Павлик расхохотался.
— Ты чего смеешься? — Элла Ипполитовна обиделась.
— Степа шутит, вот я и смеюсь.
— Что значит шутит? Какие могут быть шутки с премией?
Все-таки Павлик здорово устал за год, что пришлось работать и учиться, и потому не решился сразу сдавать вступительные в институт. А главное — судьба нанесла ему предательский удар.
После извещения об отце мать стала чахнуть, хиреть, хотя никаких болезней доктора у нее не находили.
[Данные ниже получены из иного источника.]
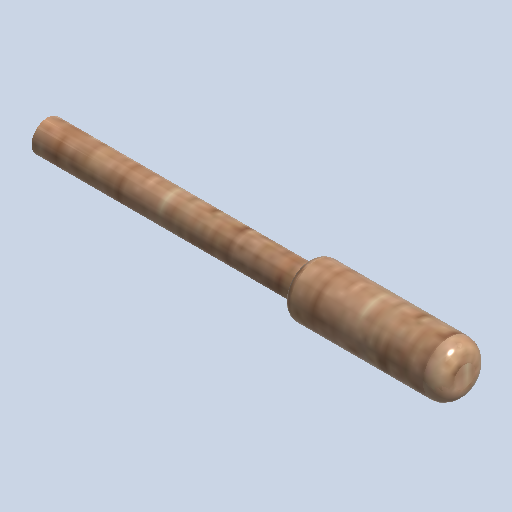
# Autodesk Inventor part: ocas
Saved by Autodesk Inventor 2025.2 (Build 292293000, 293)
## iProperties
Part Number: ocas
Material: Wood (Birch)
Document SubType Name: Modeling
Designer: fanda
Appearance: Birch - Natural Polished
Density: 0.55 g/cm^3
Author: fanda
Autodesk Inventor part; units mm, degrees
ref_plane "YZ Plane" through (0, 0, 0) normal (1, 0, 0) x (0, 1, 0)
ref_plane "XZ Plane" through (0, 0, 0) normal (0, 1, 0) x (-1, 0, 0)
ref_plane "XY Plane" through (0, 0, 0) normal (0, 0, 1) x (1, 0, 0)
sketch "Sketch1" plane through (0, 0, 0) normal (0, 0, 1) x (1, 0, 0)
  line L0 (-10.014, 0) -> (-10.014, 3)
  line L1 (-10.014, 3) -> (39.986, 3)
  line L2 (39.986, 3) -> (39.986, 3.5)
  line L3 (41.486, 5) -> (66.986, 5)
  line L4 (69.986, 2) -> (69.986, 0)
  arc A0 (41.486, 5) -> (39.986, 3.5) centre (41.486, 3.5) ccw
  arc A1 (69.986, 2) -> (66.986, 5) centre (66.986, 2) ccw
  line L5 (-10.014, 0) -> (69.986, 0)
  point P0 (0, 0)
  point P1 (39.986, 5)
  point P2 (69.986, 5)
  dimension "d0" = 3
  dimension "d1" = 50
  dimension "d2" = 2
  dimension "d3" = 30
  dimension "d4" = 1.5
  dimension "d5" = 3
  constraints: 12 end point, 4 perpendicular, 4 point on circle, 4 point on line, 4 tangent, 2 centre point, 1 horizontal, 1 vertical
  measures "d0" distance of L0.start L0.end
  measures "d1" distance of L0.end L1.end
  measures "d2" distance of L1.end point (39.986, 5)
  measures "d3" distance of point (39.986, 5) point (69.986, 5)
  measures "d4" radius of A0
  measures "d5" radius of A1
revolve "Revolution1" add sketch "Sketch1" angle 360 about axis through (-10.014, 0, 0) along (1, 0, 0)

Павлик очень рано понял, что была его мама из редкой категории женщин-однолюбок. Неизвестность-надежда поддерживала ее, не давала падать духом. Теперь пришла жестокая ясность. К тому же сын вырос, стал самостоятелен, упрям. Ему она уже не нужна. Так она думала, не понимая, что теперь-то она нужна ему больше, чем когда бы то ни было — нужно само ощущение, что мама есть на свете. Жизненный стержень в ней сломался. Однажды утром Ольга Сергеевна не проснулась…
Вот отчего старый дом на улице Пастера был накрепко спаян с судьбой Павлика Кольцова. Корни — здесь были его корни…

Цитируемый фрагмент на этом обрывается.